_Exercise description:_ For the data that follows, return each line unchanged and drop the pictures.

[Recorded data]
☆ ☆ ☆ ☆ ☆
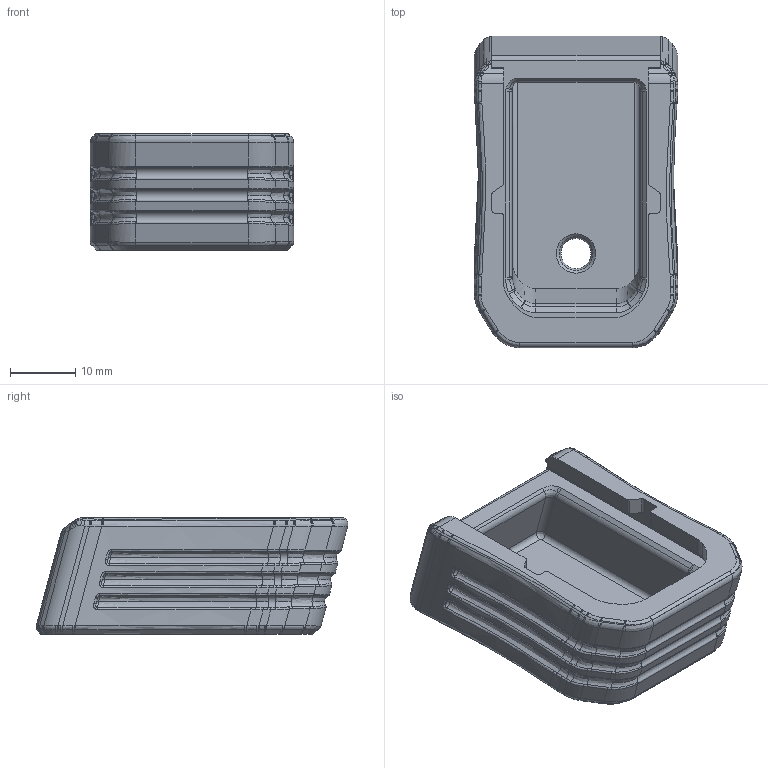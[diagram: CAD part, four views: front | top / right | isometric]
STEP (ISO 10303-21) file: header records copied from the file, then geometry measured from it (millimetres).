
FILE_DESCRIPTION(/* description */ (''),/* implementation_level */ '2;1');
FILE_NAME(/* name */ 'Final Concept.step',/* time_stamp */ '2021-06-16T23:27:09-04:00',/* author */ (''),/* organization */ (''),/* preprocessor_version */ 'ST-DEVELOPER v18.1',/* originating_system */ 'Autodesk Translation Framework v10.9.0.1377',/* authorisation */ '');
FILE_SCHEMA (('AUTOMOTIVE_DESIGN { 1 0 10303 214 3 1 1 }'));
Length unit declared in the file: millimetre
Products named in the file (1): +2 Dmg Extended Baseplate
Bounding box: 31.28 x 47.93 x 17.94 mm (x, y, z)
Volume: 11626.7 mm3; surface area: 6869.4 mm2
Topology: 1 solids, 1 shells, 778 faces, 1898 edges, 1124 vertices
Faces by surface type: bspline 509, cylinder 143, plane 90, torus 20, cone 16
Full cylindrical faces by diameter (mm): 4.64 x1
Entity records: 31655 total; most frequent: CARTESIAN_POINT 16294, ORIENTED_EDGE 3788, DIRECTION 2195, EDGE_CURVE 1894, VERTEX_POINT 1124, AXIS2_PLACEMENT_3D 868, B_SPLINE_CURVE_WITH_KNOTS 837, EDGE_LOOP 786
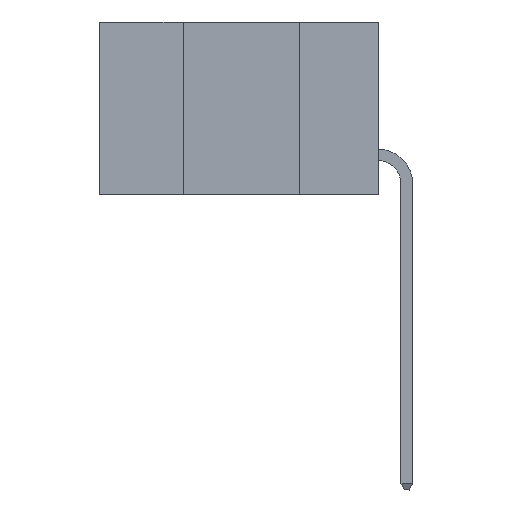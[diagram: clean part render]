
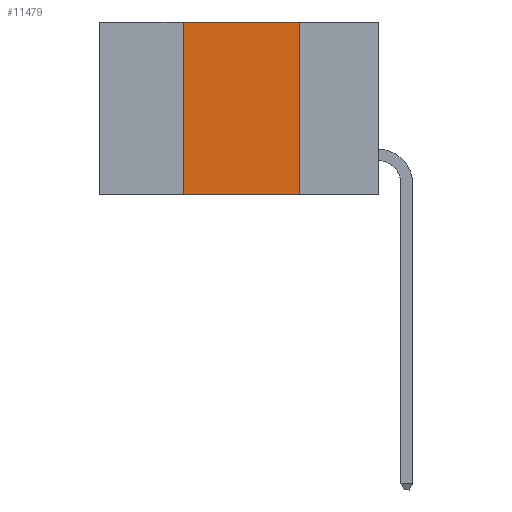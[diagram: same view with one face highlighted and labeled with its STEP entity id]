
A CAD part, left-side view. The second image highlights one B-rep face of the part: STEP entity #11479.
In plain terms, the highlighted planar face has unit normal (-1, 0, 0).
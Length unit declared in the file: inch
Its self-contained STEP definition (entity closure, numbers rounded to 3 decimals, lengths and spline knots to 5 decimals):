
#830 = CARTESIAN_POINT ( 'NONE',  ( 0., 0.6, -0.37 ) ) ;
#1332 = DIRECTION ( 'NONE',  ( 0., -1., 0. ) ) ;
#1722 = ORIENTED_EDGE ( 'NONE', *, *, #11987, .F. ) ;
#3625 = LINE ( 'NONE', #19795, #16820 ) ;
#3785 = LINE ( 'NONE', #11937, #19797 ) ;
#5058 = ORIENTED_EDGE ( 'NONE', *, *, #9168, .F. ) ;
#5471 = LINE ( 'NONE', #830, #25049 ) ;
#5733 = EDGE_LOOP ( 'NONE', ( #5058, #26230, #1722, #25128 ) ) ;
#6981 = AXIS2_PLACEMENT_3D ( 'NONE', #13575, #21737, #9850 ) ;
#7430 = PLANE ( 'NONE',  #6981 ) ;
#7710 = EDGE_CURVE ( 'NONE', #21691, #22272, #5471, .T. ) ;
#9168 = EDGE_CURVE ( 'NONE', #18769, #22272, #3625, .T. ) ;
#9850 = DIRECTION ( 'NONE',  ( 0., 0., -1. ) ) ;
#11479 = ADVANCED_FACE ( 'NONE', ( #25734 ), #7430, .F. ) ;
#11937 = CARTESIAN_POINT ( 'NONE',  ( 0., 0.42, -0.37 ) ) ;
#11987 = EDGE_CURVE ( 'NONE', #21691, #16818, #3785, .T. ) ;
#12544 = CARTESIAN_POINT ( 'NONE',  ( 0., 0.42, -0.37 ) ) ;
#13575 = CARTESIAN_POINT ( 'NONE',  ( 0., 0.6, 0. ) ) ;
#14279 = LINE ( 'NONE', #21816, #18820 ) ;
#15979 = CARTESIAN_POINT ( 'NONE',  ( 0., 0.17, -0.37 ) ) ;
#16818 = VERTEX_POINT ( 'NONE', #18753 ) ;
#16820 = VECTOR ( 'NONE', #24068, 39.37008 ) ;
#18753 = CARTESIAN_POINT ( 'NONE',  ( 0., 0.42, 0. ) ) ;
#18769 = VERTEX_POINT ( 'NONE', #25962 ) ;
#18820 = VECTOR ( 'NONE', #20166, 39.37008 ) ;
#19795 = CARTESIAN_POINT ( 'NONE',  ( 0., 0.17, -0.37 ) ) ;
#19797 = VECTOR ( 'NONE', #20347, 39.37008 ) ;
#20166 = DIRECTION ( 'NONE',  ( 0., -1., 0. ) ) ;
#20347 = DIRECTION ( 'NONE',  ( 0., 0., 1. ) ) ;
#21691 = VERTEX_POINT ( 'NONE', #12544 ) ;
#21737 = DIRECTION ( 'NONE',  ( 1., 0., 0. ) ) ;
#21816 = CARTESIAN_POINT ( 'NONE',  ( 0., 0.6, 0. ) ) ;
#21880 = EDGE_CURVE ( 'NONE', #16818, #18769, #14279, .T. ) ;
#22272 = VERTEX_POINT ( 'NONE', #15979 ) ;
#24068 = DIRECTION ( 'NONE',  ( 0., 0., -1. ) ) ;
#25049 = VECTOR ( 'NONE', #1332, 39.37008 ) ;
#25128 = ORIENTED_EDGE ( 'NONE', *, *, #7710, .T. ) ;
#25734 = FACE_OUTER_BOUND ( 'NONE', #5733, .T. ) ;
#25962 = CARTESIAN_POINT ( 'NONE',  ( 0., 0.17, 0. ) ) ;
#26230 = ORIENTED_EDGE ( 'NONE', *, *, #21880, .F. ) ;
☆ ☆ ☆ ☆ ☆
_Completed task:_
[diagram: CAD part, four views: front | top / right | isometric]
STEP (ISO 10303-21) file: header records copied from the file, then geometry measured from it (millimetres).
FILE_DESCRIPTION(/* description */ (''),/* implementation_level */ '2;1');
FILE_NAME(/* name */ 'Final Concept.step',/* time_stamp */ '2021-06-16T23:27:09-04:00',/* author */ (''),/* organization */ (''),/* preprocessor_version */ 'ST-DEVELOPER v18.1',/* originating_system */ 'Autodesk Translation Framework v10.9.0.1377',/* authorisation */ '');
FILE_SCHEMA (('AUTOMOTIVE_DESIGN { 1 0 10303 214 3 1 1 }'));
Length unit declared in the file: millimetre
Products named in the file (1): +2 Dmg Extended Baseplate
Bounding box: 31.28 x 47.93 x 17.94 mm (x, y, z)
Volume: 11626.7 mm3; surface area: 6869.4 mm2
Topology: 1 solids, 1 shells, 778 faces, 1898 edges, 1124 vertices
Faces by surface type: bspline 509, cylinder 143, plane 90, torus 20, cone 16
Full cylindrical faces by diameter (mm): 4.64 x1
Entity records: 31655 total; most frequent: CARTESIAN_POINT 16294, ORIENTED_EDGE 3788, DIRECTION 2195, EDGE_CURVE 1894, VERTEX_POINT 1124, AXIS2_PLACEMENT_3D 868, B_SPLINE_CURVE_WITH_KNOTS 837, EDGE_LOOP 786
[diagram: clean part render]
[diagram: same view with one face highlighted and labeled with its STEP entity id]
A CAD part, left-side view. The second image highlights one B-rep face of the part: STEP entity #11479.
In plain terms, the highlighted planar face has unit normal (-1, 0, 0).
Length unit declared in the file: inch
Its self-contained STEP definition (entity closure, numbers rounded to 3 decimals, lengths and spline knots to 5 decimals):
#830 = CARTESIAN_POINT ( 'NONE',  ( 0., 0.6, -0.37 ) ) ;
#1332 = DIRECTION ( 'NONE',  ( 0., -1., 0. ) ) ;
#1722 = ORIENTED_EDGE ( 'NONE', *, *, #11987, .F. ) ;
#3625 = LINE ( 'NONE', #19795, #16820 ) ;
#3785 = LINE ( 'NONE', #11937, #19797 ) ;
#5058 = ORIENTED_EDGE ( 'NONE', *, *, #9168, .F. ) ;
#5471 = LINE ( 'NONE', #830, #25049 ) ;
#5733 = EDGE_LOOP ( 'NONE', ( #5058, #26230, #1722, #25128 ) ) ;
#6981 = AXIS2_PLACEMENT_3D ( 'NONE', #13575, #21737, #9850 ) ;
#7430 = PLANE ( 'NONE',  #6981 ) ;
#7710 = EDGE_CURVE ( 'NONE', #21691, #22272, #5471, .T. ) ;
#9168 = EDGE_CURVE ( 'NONE', #18769, #22272, #3625, .T. ) ;
#9850 = DIRECTION ( 'NONE',  ( 0., 0., -1. ) ) ;
#11479 = ADVANCED_FACE ( 'NONE', ( #25734 ), #7430, .F. ) ;
#11937 = CARTESIAN_POINT ( 'NONE',  ( 0., 0.42, -0.37 ) ) ;
#11987 = EDGE_CURVE ( 'NONE', #21691, #16818, #3785, .T. ) ;
#12544 = CARTESIAN_POINT ( 'NONE',  ( 0., 0.42, -0.37 ) ) ;
#13575 = CARTESIAN_POINT ( 'NONE',  ( 0., 0.6, 0. ) ) ;
#14279 = LINE ( 'NONE', #21816, #18820 ) ;
#15979 = CARTESIAN_POINT ( 'NONE',  ( 0., 0.17, -0.37 ) ) ;
#16818 = VERTEX_POINT ( 'NONE', #18753 ) ;
#16820 = VECTOR ( 'NONE', #24068, 39.37008 ) ;
#18753 = CARTESIAN_POINT ( 'NONE',  ( 0., 0.42, 0. ) ) ;
#18769 = VERTEX_POINT ( 'NONE', #25962 ) ;
#18820 = VECTOR ( 'NONE', #20166, 39.37008 ) ;
#19795 = CARTESIAN_POINT ( 'NONE',  ( 0., 0.17, -0.37 ) ) ;
#19797 = VECTOR ( 'NONE', #20347, 39.37008 ) ;
#20166 = DIRECTION ( 'NONE',  ( 0., -1., 0. ) ) ;
#20347 = DIRECTION ( 'NONE',  ( 0., 0., 1. ) ) ;
#21691 = VERTEX_POINT ( 'NONE', #12544 ) ;
#21737 = DIRECTION ( 'NONE',  ( 1., 0., 0. ) ) ;
#21816 = CARTESIAN_POINT ( 'NONE',  ( 0., 0.6, 0. ) ) ;
#21880 = EDGE_CURVE ( 'NONE', #16818, #18769, #14279, .T. ) ;
#22272 = VERTEX_POINT ( 'NONE', #15979 ) ;
#24068 = DIRECTION ( 'NONE',  ( 0., 0., -1. ) ) ;
#25049 = VECTOR ( 'NONE', #1332, 39.37008 ) ;
#25128 = ORIENTED_EDGE ( 'NONE', *, *, #7710, .T. ) ;
#25734 = FACE_OUTER_BOUND ( 'NONE', #5733, .T. ) ;
#25962 = CARTESIAN_POINT ( 'NONE',  ( 0., 0.17, 0. ) ) ;
#26230 = ORIENTED_EDGE ( 'NONE', *, *, #21880, .F. ) ;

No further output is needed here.